In the entries below, print exactly the lines from the first through the one with "Line((-2.375, 2.617575378), (-2.375, 2.9))", both included, and none of the pictures.

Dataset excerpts
========================================================================

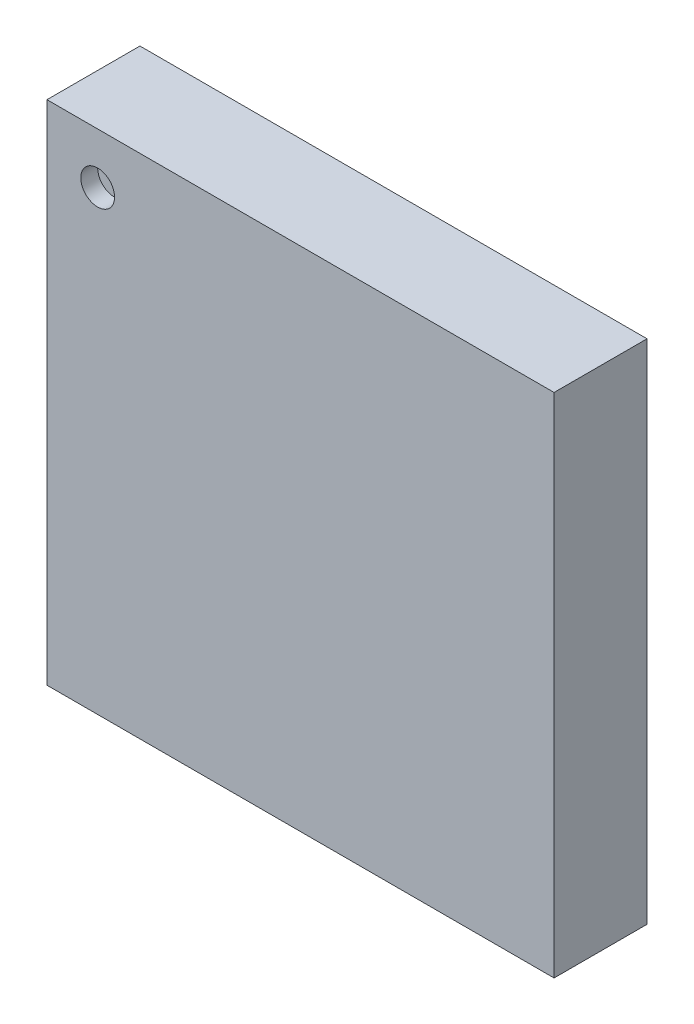
from build123d import *

# Parameters (mm, degrees)
SKETCH1_W           = 3
SKETCH1_H           = 3
BOSS_EXTRUDE1_DEPTH = 0.55
SKETCH2_R           = 0.1
CUT_EXTRUDE1_DEPTH  = 0.1
SKETCH3_W           = 0.32
SKETCH3_H           = 0.32
BOSS_EXTRUDE2_DEPTH = 0.02


with BuildPart() as part:
    # Sketch1 → Boss-Extrude1 (new body)
    with BuildSketch(Plane.XY):
        with Locations((1.5, 1.5)):
            Rectangle(SKETCH1_W, SKETCH1_H)
    extrude(amount=BOSS_EXTRUDE1_DEPTH)

    # Sketch2 → Cut-Extrude1 (cut)
    with BuildSketch(Plane.XY.offset(0.55)):
        with Locations((0.3, 2.7)):
            Circle(SKETCH2_R)
    extrude(amount=-CUT_EXTRUDE1_DEPTH, mode=Mode.SUBTRACT)

    # Sketch3 → Boss-Extrude2 (add)
    with BuildSketch(Plane(origin=(0, 0, 0), x_dir=(-1, 0, 0), z_dir=(0, 0, -1))):
        with Locations((-2.765, 2.765)):
            Rectangle(SKETCH3_W, SKETCH3_H)
        with Locations((-0.235, 2.765)):
            Rectangle(SKETCH3_W, SKETCH3_H)
        with Locations((-0.235, 0.235)):
            Rectangle(SKETCH3_W, SKETCH3_H)
        with Locations((-2.765, 0.235)):
            Rectangle(SKETCH3_W, SKETCH3_H)
        Polygon((-0.85, 2.35), (-0.65, 2.15), (-0.65, 0.65), (-2.35, 0.65), (-2.35, 2.35), align=None)
        with BuildLine():
            Line((-2.375, 2.9), (-2.125, 2.9))
            Line((-2.125, 2.9), (-2.125, 2.617575378))
            ThreePointArc((-2.125, 2.617575378), (-2.25, 2.5), (-2.375, 2.617575378))
            Line((-2.375, 2.617575378), (-2.375, 2.9))
        make_face()
        with BuildLine():
            Line((-1.875, 2.9), (-1.625, 2.9))
            Line((-1.625, 2.9), (-1.625, 2.617575378))
            ThreePointArc((-1.625, 2.617575378), (-1.75, 2.5), (-1.875, 2.617575378))
            Line((-1.875, 2.617575378), (-1.875, 2.9))
        make_face()
        with BuildLine():
            Line((-1.375, 2.9), (-1.125, 2.9))
            Line((-1.125, 2.9), (-1.125, 2.617575378))
            ThreePointArc((-1.125, 2.617575378), (-1.25, 2.5), (-1.375, 2.617575378))
            Line((-1.375, 2.617575378), (-1.375, 2.9))
        make_face()
        with BuildLine():
            Line((-0.875, 2.9), (-0.625, 2.9))
            Line((-0.625, 2.9), (-0.625, 2.617575378))
            ThreePointArc((-0.625, 2.617575378), (-0.75, 2.5), (-0.875, 2.617575378))
            Line((-0.875, 2.617575378), (-0.875, 2.9))
        make_face()
        with BuildLine():
            Line((-0.1, 2.375), (-0.1, 2.125))
            Line((-0.1, 2.125), (-0.382424622, 2.125))
            ThreePointArc((-0.382424622, 2.125), (-0.5, 2.25), (-0.382424622, 2.375))
            Line((-0.382424622, 2.375), (-0.1, 2.375))
        make_face()
        with BuildLine():
            Line((-0.1, 1.875), (-0.1, 1.625))
            Line((-0.1, 1.625), (-0.382424622, 1.625))
            ThreePointArc((-0.382424622, 1.625), (-0.5, 1.75), (-0.382424622, 1.875))
            Line((-0.382424622, 1.875), (-0.1, 1.875))
        make_face()
        with BuildLine():
            Line((-0.1, 1.375), (-0.1, 1.125))
            Line((-0.1, 1.125), (-0.382424622, 1.125))
            ThreePointArc((-0.382424622, 1.125), (-0.5, 1.25), (-0.382424622, 1.375))
            Line((-0.382424622, 1.375), (-0.1, 1.375))
        make_face()
        with BuildLine():
            Line((-0.1, 0.875), (-0.1, 0.625))
            Line((-0.1, 0.625), (-0.382424622, 0.625))
            ThreePointArc((-0.382424622, 0.625), (-0.5, 0.75), (-0.382424622, 0.875))
            Line((-0.382424622, 0.875), (-0.1, 0.875))
        make_face()
        with BuildLine():
            Line((-0.625, 0.1), (-0.875, 0.1))
            Line((-0.875, 0.1), (-0.875, 0.382424622))
            ThreePointArc((-0.875, 0.382424622), (-0.75, 0.5), (-0.625, 0.382424622))
            Line((-0.625, 0.382424622), (-0.625, 0.1))
        make_face()
        with BuildLine():
            Line((-1.125, 0.1), (-1.375, 0.1))
            Line((-1.375, 0.1), (-1.375, 0.382424622))
            ThreePointArc((-1.375, 0.382424622), (-1.25, 0.5), (-1.125, 0.382424622))
            Line((-1.125, 0.382424622), (-1.125, 0.1))
        make_face()
        with BuildLine():
            Line((-1.625, 0.1), (-1.875, 0.1))
            Line((-1.875, 0.1), (-1.875, 0.382424622))
            ThreePointArc((-1.875, 0.382424622), (-1.75, 0.5), (-1.625, 0.382424622))
            Line((-1.625, 0.382424622), (-1.625, 0.1))
        make_face()
        with BuildLine():
            Line((-2.125, 0.1), (-2.375, 0.1))
            Line((-2.375, 0.1), (-2.375, 0.382424622))
            ThreePointArc((-2.375, 0.382424622), (-2.25, 0.5), (-2.125, 0.382424622))
            Line((-2.125, 0.382424622), (-2.125, 0.1))
        make_face()
        with BuildLine():
            Line((-2.9, 0.625), (-2.9, 0.875))
            Line((-2.9, 0.875), (-2.617575378, 0.875))
            ThreePointArc((-2.617575378, 0.875), (-2.5, 0.75), (-2.617575378, 0.625))
            Line((-2.617575378, 0.625), (-2.9, 0.625))
        make_face()
        with BuildLine():
            Line((-2.9, 1.125), (-2.9, 1.375))
            Line((-2.9, 1.375), (-2.617575378, 1.375))
            ThreePointArc((-2.617575378, 1.375), (-2.5, 1.25), (-2.617575378, 1.125))
            Line((-2.617575378, 1.125), (-2.9, 1.125))
        make_face()
        with BuildLine():
            Line((-2.9, 1.625), (-2.9, 1.875))
            Line((-2.9, 1.875), (-2.617575378, 1.875))
            ThreePointArc((-2.617575378, 1.875), (-2.5, 1.75), (-2.617575378, 1.625))
            Line((-2.617575378, 1.625), (-2.9, 1.625))
        make_face()
        with BuildLine():
            Line((-2.9, 2.125), (-2.9, 2.375))
            Line((-2.9, 2.375), (-2.617575378, 2.375))
            ThreePointArc((-2.617575378, 2.375), (-2.5, 2.25), (-2.617575378, 2.125))
            Line((-2.617575378, 2.125), (-2.9, 2.125))
        make_face()
    extrude(amount=BOSS_EXTRUDE2_DEPTH)


solid = part.part
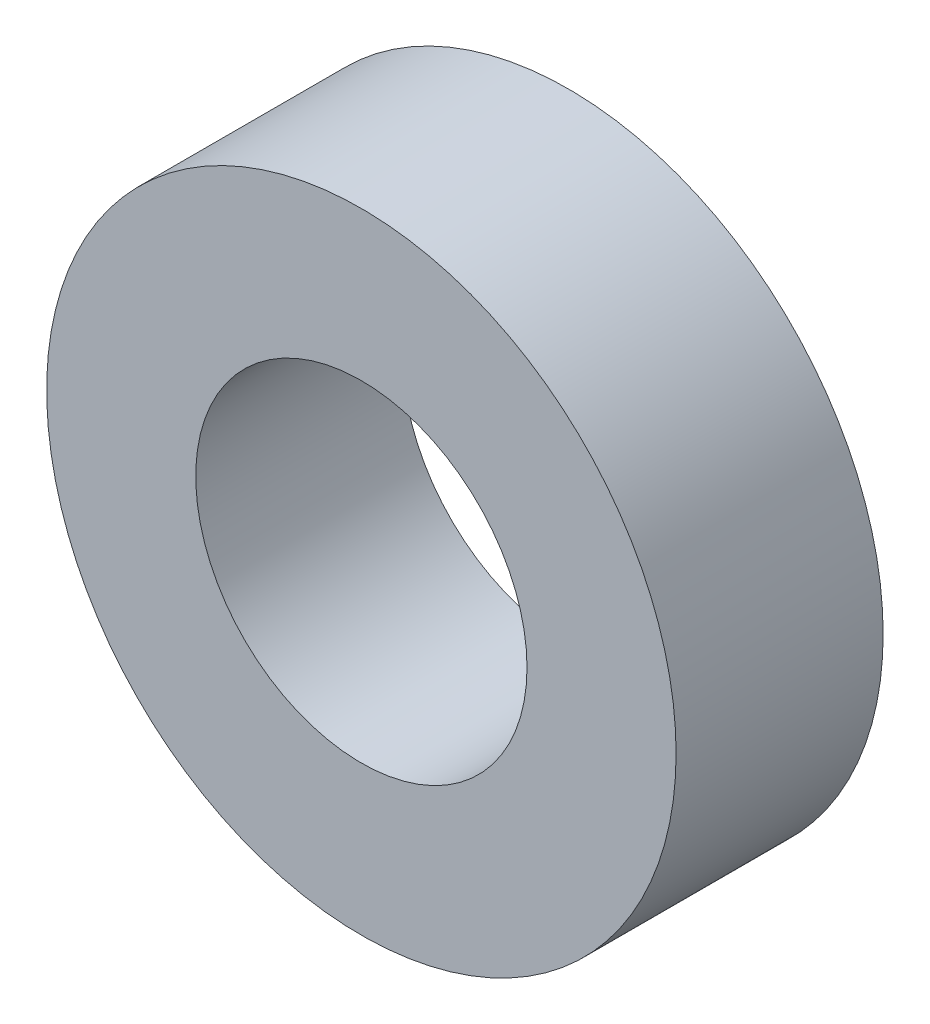
from build123d import *

# Parameters (mm, degrees)
SKETCH1_W = 2.25
SKETCH1_H = 3.125


with BuildPart() as part:
    # Sketch1 → Revolve1 (revolve)
    with BuildSketch(Plane(origin=(0, 0, 0), x_dir=(1, 0, 0), z_dir=(0, 1, 0))):
        with Locations((3.625, 0)):
            Rectangle(SKETCH1_W, SKETCH1_H)
    revolve(axis=Axis((0, 0, -1.5625), (0, 0, 1)))


solid = part.part
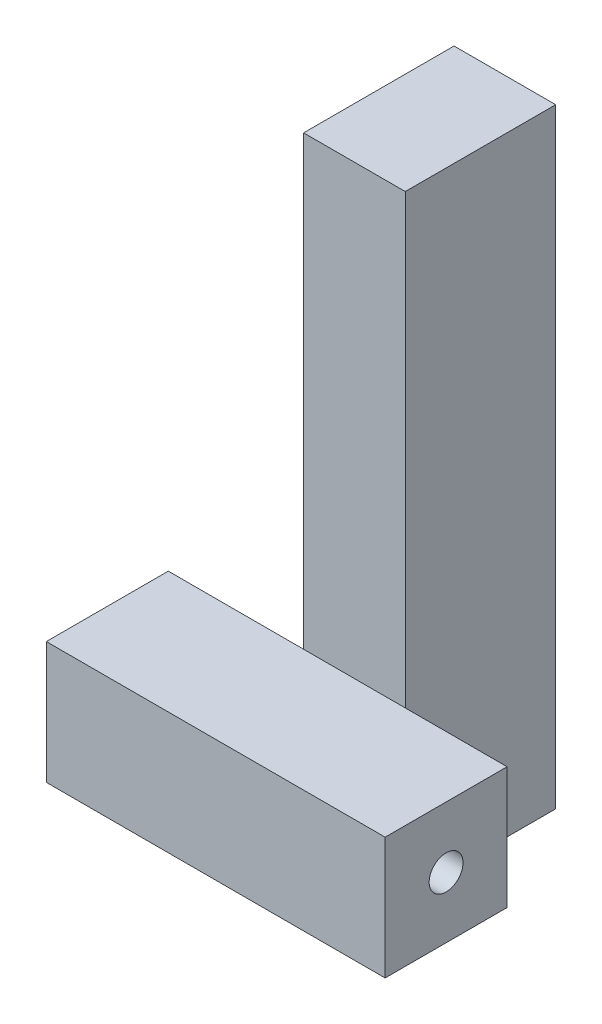
from build123d import *

# Parameters (mm, degrees)
SKETCH1_W           = 127
SKETCH1_H           = 45.72
BOSS_EXTRUDE1_DEPTH = 45.72
SKETCH2_W           = 38.1
SKETCH2_H           = 228.6
BOSS_EXTRUDE2_DEPTH = 56.388
SKETCH3_R           = 6.35
CUT_EXTRUDE1_DEPTH  = 15.24
SKETCH4_R           = 6.35
CUT_EXTRUDE2_DEPTH  = 15.24


with BuildPart() as part:
    # Sketch1 → Boss-Extrude1 (new body)
    with BuildSketch(Plane.XY):
        Rectangle(SKETCH1_W, SKETCH1_H)
    extrude(amount=BOSS_EXTRUDE1_DEPTH)

    # Sketch2 → Boss-Extrude2 (add)
    with BuildSketch(Plane(origin=(0, 0, 0), x_dir=(-1, 0, 0), z_dir=(0, 0, -1))):
        with Locations((-6.276150489, 76.2)):
            Rectangle(SKETCH2_W, SKETCH2_H)
    extrude(amount=BOSS_EXTRUDE2_DEPTH)

    # Sketch3 → Cut-Extrude1 (cut)
    with BuildSketch(Plane(origin=(63.5, 0, 0), x_dir=(0, 0, -1), z_dir=(1, 0, 0))):
        with Locations((-22.86, 0)):
            Circle(SKETCH3_R)
    extrude(amount=-CUT_EXTRUDE1_DEPTH, mode=Mode.SUBTRACT)

    # Sketch4 → Cut-Extrude2 (cut)
    with BuildSketch(Plane.ZY.offset(63.5)):
        with Locations((22.86, 0)):
            Circle(SKETCH4_R)
    extrude(amount=-CUT_EXTRUDE2_DEPTH, mode=Mode.SUBTRACT)


solid = part.part
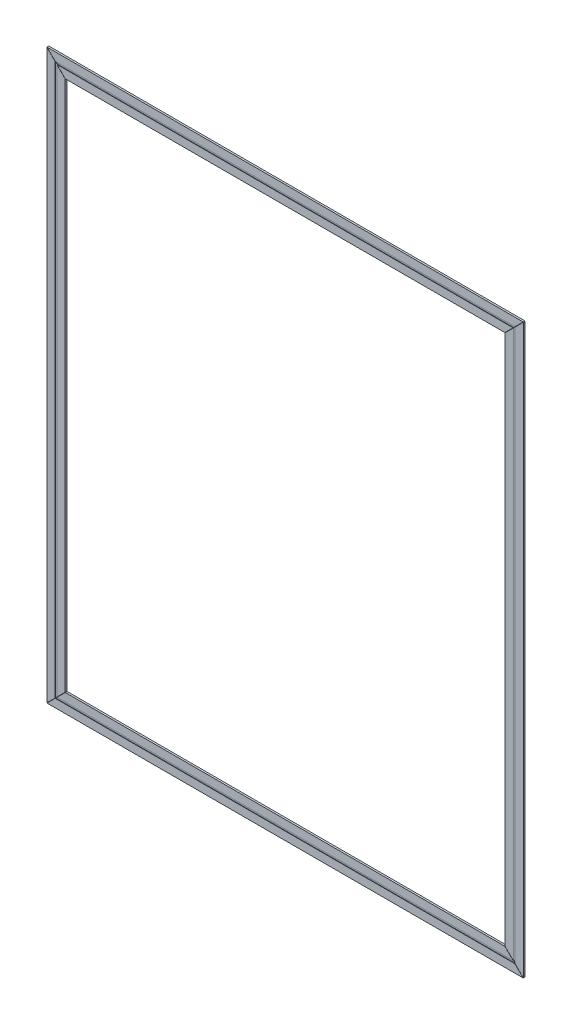
from build123d import *

# Parameters (mm, degrees)
CROQUIS1_W                = 498
CROQUIS1_H                = 598
CROQUIS1_W_2              = 480
CROQUIS1_H_2              = 580
SALIENTE_EXTRUIR1_DEPTH   = 2
CROQUIS1_W_3              = 520
CROQUIS1_H_3              = 620
CROQUIS1_W_4              = 502
CROQUIS1_H_4              = 602
SALIENTE_EXTRUIR1_2_DEPTH = 2
CROQUIS1_3_W              = 502
CROQUIS1_3_H              = 602
CROQUIS1_3_W_2            = 498
CROQUIS1_3_H_2            = 598
SALIENTE_EXTRUIR2_DEPTH   = 1.5
CORTAR_EXTRUIR1_DEPTH     = 21


with BuildPart() as part:
    # Croquis1 → Saliente-Extruir1 (new body)
    with BuildSketch(Plane.XY):
        Rectangle(CROQUIS1_W, CROQUIS1_H)
        Rectangle(CROQUIS1_W_2, CROQUIS1_H_2, mode=Mode.SUBTRACT)
    extrude(amount=SALIENTE_EXTRUIR1_DEPTH)



with BuildPart() as body_2:
    # Croquis1 → Saliente-Extruir1 2 (new body)
    with BuildSketch(Plane.XY):
        Rectangle(CROQUIS1_W_3, CROQUIS1_H_3)
        Rectangle(CROQUIS1_W_4, CROQUIS1_H_4, mode=Mode.SUBTRACT)
    extrude(amount=SALIENTE_EXTRUIR1_2_DEPTH)


with BuildPart() as part_1:
    add(part.part)

    add(body_2.part)  # Saliente-Extruir2 merges body 2
    # Croquis1_3 → Saliente-Extruir2 (add)
    with BuildSketch(Plane.XY):
        Rectangle(CROQUIS1_3_W, CROQUIS1_3_H)
        Rectangle(CROQUIS1_3_W_2, CROQUIS1_3_H_2, mode=Mode.SUBTRACT)
    extrude(amount=SALIENTE_EXTRUIR2_DEPTH)

    # Croquis2 → Cortar-Extruir1 (cut)
    with BuildSketch(Plane.XY.offset(2)):
        Polygon((-240, 289.8), (-260, 309.8), (-260, 310), (-259.8, 310), (-239.8, 290), (-240, 290), align=None)
        Polygon((240, 290), (240, 289.8), (260, 309.8), (260, 310), (259.8, 310), (239.8, 290), align=None)
        Polygon((240, -289.8), (260, -309.8), (260, -310), (259.8, -310), (239.8, -290), (240, -290), align=None)
        Polygon((-240, -290), (-240, -289.8), (-260, -309.8), (-260, -310), (-259.8, -310), (-239.8, -290), align=None)
    extrude(amount=-CORTAR_EXTRUIR1_DEPTH, mode=Mode.SUBTRACT)


with BuildPart() as cortar_extruir1_piece_1:
    # of the separate pieces the step leaves, piece 1, a body of its own (cortar_extruir1_pieces)
    add(part_1.part.solids().sort_by_distance((-249, -298.8, 1.5))[0])


with BuildPart() as cortar_extruir1_piece_2:
    # of the separate pieces the step leaves, piece 2, a body of its own (cortar_extruir1_pieces)
    add(part_1.part.solids().sort_by_distance((249, -298.8, 2))[0])


with BuildPart() as cortar_extruir1_piece_3:
    # of the separate pieces the step leaves, piece 3, a body of its own (cortar_extruir1_pieces)
    add(part_1.part.solids().sort_by_distance((248.8, -299, 2))[0])


with BuildPart() as cortar_extruir1_piece_4:
    # of the separate pieces the step leaves, piece 4, a body of its own (cortar_extruir1_pieces)
    add(part_1.part.solids().sort_by_distance((248.8, 299, 2))[0])


solid = Compound([cortar_extruir1_piece_1.part, cortar_extruir1_piece_2.part, cortar_extruir1_piece_3.part, cortar_extruir1_piece_4.part])
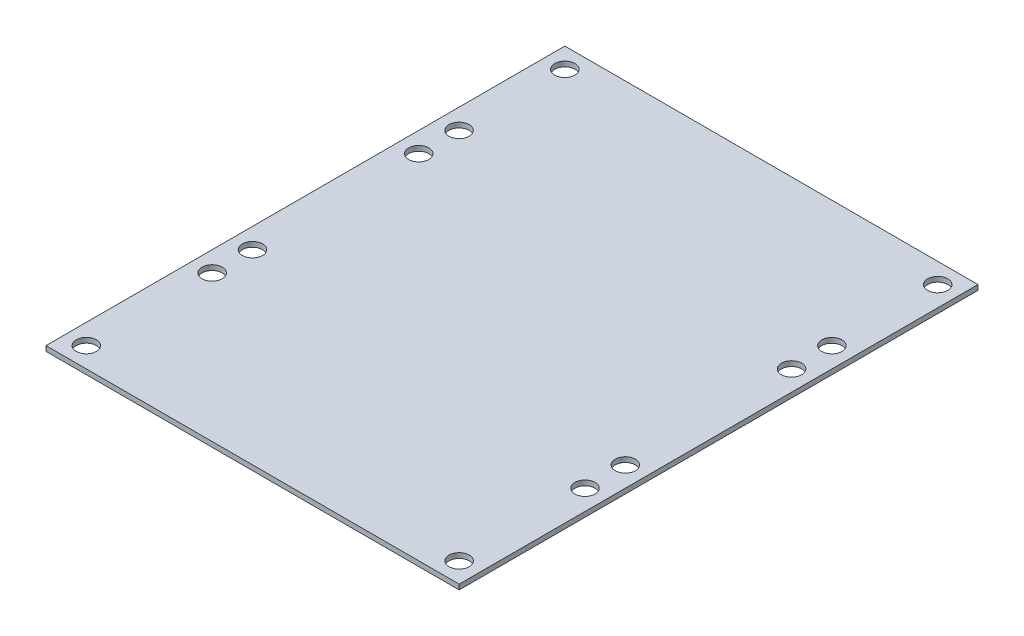
from build123d import *

# Parameters (mm, degrees)
SKETCH1_W           = 130.175
SKETCH1_H           = 163.4744
SKETCH1_R           = 3.175
BOSS_EXTRUDE1_DEPTH = 1.5875


with BuildPart() as part:
    # Sketch1 → Boss-Extrude1 (new body)
    with BuildSketch(Plane(origin=(0, 0, 0), x_dir=(1, 0, 0), z_dir=(0, 1, 0))):
        with Locations((65.0875, 81.7372)):
            Rectangle(SKETCH1_W, SKETCH1_H)
        with Locations((6.35, 6.35)):
            Circle(SKETCH1_R, mode=Mode.SUBTRACT)
        with Locations((6.35, 157.1244)):
            Circle(SKETCH1_R, mode=Mode.SUBTRACT)
        with Locations((123.825, 6.35)):
            Circle(SKETCH1_R, mode=Mode.SUBTRACT)
        with Locations((123.825, 157.1244)):
            Circle(SKETCH1_R, mode=Mode.SUBTRACT)
        with Locations((6.35, 123.7869)):
            Circle(SKETCH1_R, mode=Mode.SUBTRACT)
        with Locations((6.35, 111.0869)):
            Circle(SKETCH1_R, mode=Mode.SUBTRACT)
        with Locations((6.35, 58.6994)):
            Circle(SKETCH1_R, mode=Mode.SUBTRACT)
        with Locations((6.35, 45.9994)):
            Circle(SKETCH1_R, mode=Mode.SUBTRACT)
        with Locations((123.825, 123.7869)):
            Circle(SKETCH1_R, mode=Mode.SUBTRACT)
        with Locations((123.825, 111.0869)):
            Circle(SKETCH1_R, mode=Mode.SUBTRACT)
        with Locations((123.825, 58.6994)):
            Circle(SKETCH1_R, mode=Mode.SUBTRACT)
        with Locations((123.825, 45.9994)):
            Circle(SKETCH1_R, mode=Mode.SUBTRACT)
    extrude(amount=BOSS_EXTRUDE1_DEPTH)


solid = part.part

========================================================================

■ Task response:
from build123d import *

# Parameters (mm, degrees)
SKETCH1_W           = 3
SKETCH1_H           = 3
BOSS_EXTRUDE1_DEPTH = 0.55
SKETCH2_R           = 0.1
CUT_EXTRUDE1_DEPTH  = 0.1
SKETCH3_W           = 0.32
SKETCH3_H           = 0.32
BOSS_EXTRUDE2_DEPTH = 0.02


with BuildPart() as part:
    # Sketch1 → Boss-Extrude1 (new body)
    with BuildSketch(Plane.XY):
        with Locations((1.5, 1.5)):
            Rectangle(SKETCH1_W, SKETCH1_H)
    extrude(amount=BOSS_EXTRUDE1_DEPTH)

    # Sketch2 → Cut-Extrude1 (cut)
    with BuildSketch(Plane.XY.offset(0.55)):
        with Locations((0.3, 2.7)):
            Circle(SKETCH2_R)
    extrude(amount=-CUT_EXTRUDE1_DEPTH, mode=Mode.SUBTRACT)

    # Sketch3 → Boss-Extrude2 (add)
    with BuildSketch(Plane(origin=(0, 0, 0), x_dir=(-1, 0, 0), z_dir=(0, 0, -1))):
        with Locations((-2.765, 2.765)):
            Rectangle(SKETCH3_W, SKETCH3_H)
        with Locations((-0.235, 2.765)):
            Rectangle(SKETCH3_W, SKETCH3_H)
        with Locations((-0.235, 0.235)):
            Rectangle(SKETCH3_W, SKETCH3_H)
        with Locations((-2.765, 0.235)):
            Rectangle(SKETCH3_W, SKETCH3_H)
        Polygon((-0.85, 2.35), (-0.65, 2.15), (-0.65, 0.65), (-2.35, 0.65), (-2.35, 2.35), align=None)
        with BuildLine():
            Line((-2.375, 2.9), (-2.125, 2.9))
            Line((-2.125, 2.9), (-2.125, 2.617575378))
            ThreePointArc((-2.125, 2.617575378), (-2.25, 2.5), (-2.375, 2.617575378))
            Line((-2.375, 2.617575378), (-2.375, 2.9))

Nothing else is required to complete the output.